Kohlberg's "long-time adversaries" at the Institute for Pacific Relations (IPR) were Owen Lattimore and Philip C. Jessup.

===Propaganda war===

In 1946, Kohlberg joined the American China Policy Association (ACPA), an anti-communist organization that supported the government of Republic of China under Chiang Kai-shek, as chairman. Kohlberg denied that he had set up ACPA to neither counter nor spite IPR.

The same year, he funded the magazine Plain Talk in 1946, intended to rebut the claims made by the China Hands and support the Nationalist Government of Chiang. In 1947, he funded the newsletter Counterattack. He was a co-founder of the American Jewish League Against Communism.

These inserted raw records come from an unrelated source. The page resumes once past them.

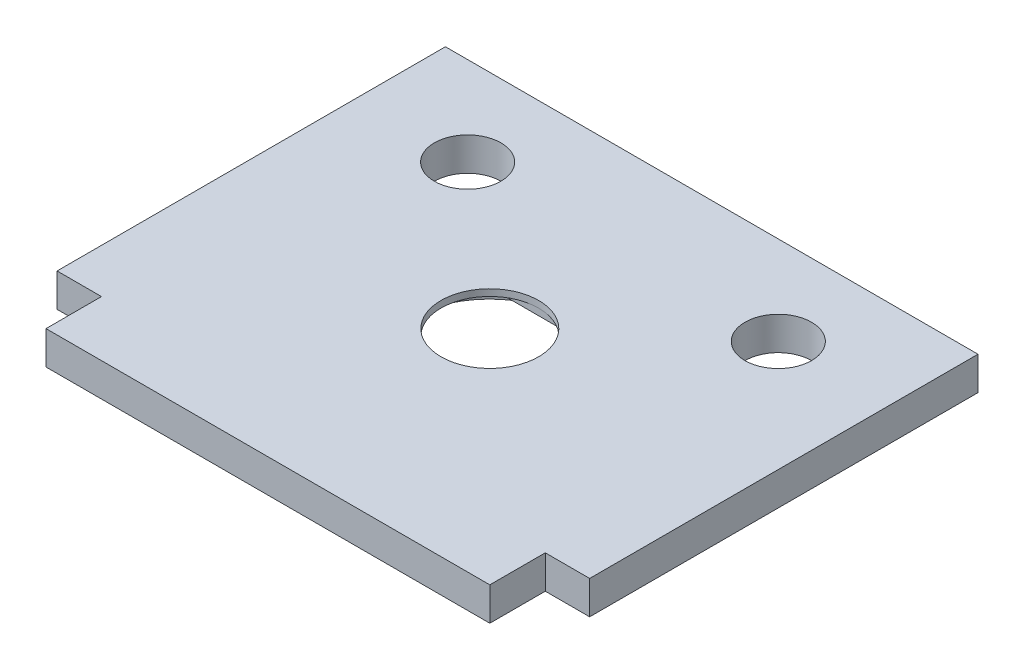
from build123d import *
from build123d.topology import SkipClean

# Parameters (mm, degrees)
BOSS_EXTRUDE1_DEPTH = 1.5
SKETCH3_R           = 3.75
CUT_EXTRUDE1_DEPTH  = 0.9
SKETCH4_R           = 2.2
CUT_EXTRUDE2_DEPTH  = 0.9
SKETCH5_R           = 1.5
CUT_EXTRUDE3_DEPTH  = 6
CUT_EXTRUDE4_DEPTH  = 0.3


with BuildPart() as part:
    # Sketch1 → Boss-Extrude1 (new body)
    with BuildSketch(Plane(origin=(0, 0, 0), x_dir=(1, 0, 0), z_dir=(0, 1, 0))):
        Polygon((-13.430051813, 17.5), (-13.430051813, 0), (-11.430051813, 0), (-11.430051813, -2.5), (8.569948187, -2.5), (8.569948187, 0), (10.569948187, 0), (10.569948187, 17.5), align=None)
    extrude(amount=BOSS_EXTRUDE1_DEPTH)

    # Sketch3 → Cut-Extrude1 (cut)
    with BuildSketch(Plane.XZ):
        with Locations(Location((-1.430051813, -7.5, 0), (0, 0, 270))):
            Circle(SKETCH3_R)
    extrude(amount=-CUT_EXTRUDE1_DEPTH, mode=Mode.SUBTRACT)

    # Sketch4 → Cut-Extrude2 (cut)
    with BuildSketch(Plane.XZ.offset(-0.9)):
        with Locations(Location((-1.430051813, -7.5, 0), (0, 0, 270))):
            Circle(SKETCH4_R)
    extrude(amount=-CUT_EXTRUDE2_DEPTH, mode=Mode.SUBTRACT)

    # Sketch5 → Cut-Extrude3 (cut)
    with BuildSketch(Plane.XZ):
        with Locations(Location((-8.430051813, -13.5, 0), (0, 0, 270))):
            Circle(SKETCH5_R)
        with Locations(Location((5.569948187, -13.5, 0), (0, 0, 270))):
            Circle(SKETCH5_R)
    extrude(amount=-CUT_EXTRUDE3_DEPTH, mode=Mode.SUBTRACT)

    # Sketch6 → Cut-Extrude4 (cut)
    with SkipClean():  # the faces are left unmerged after this step: merging them gives an invalid solid
        with BuildSketch(Plane.XZ.offset(-0.9)):
            with BuildLine():
                Line((1.606805114, -9.7), (-4.466908741, -9.7))
                ThreePointArc((-4.466908741, -9.7), (-5.180051813, -7.5), (-4.466908741, -5.3))
                Line((-4.466908741, -5.3), (1.606805114, -5.3))
                ThreePointArc((1.606805114, -5.3), (2.319948187, -7.5), (1.606805114, -9.7))
            make_face()
        extrude(amount=-CUT_EXTRUDE4_DEPTH, mode=Mode.SUBTRACT)


solid = part.part

Both organizations published pieces that decried IPR and people associated with it, e.g., Owen Lattimore.

==Personal life and death==

Kohlberg married Jane Myers in 1921 and had two daughters and two sons. The youngest was psychologist Lawrence Kohlberg.

Kohlberg was a Bronxville neighbor of his biographer, Joseph C. Keeley, who recorded that "Kohlberg was of course annoyed at the vicious smears that were aimed at him during his lifetime."

Kolberg died on April 7, 1960, in New York City. Myers died in 1968.

In 1960, Chih-Teh Loo, the superintendent of Taipei Veterans General Hospital, proposed funding from ROC government to build the Alfred Kohlberg Memorial Medical Research Laboratory and to go along with $75,000 donation from Jane Myers. The building was built on the east side of the hospital. The inauguration ceremony was held on November 11, 1963. Both vice president Chen Cheng and Jane Myers attended the ceremony.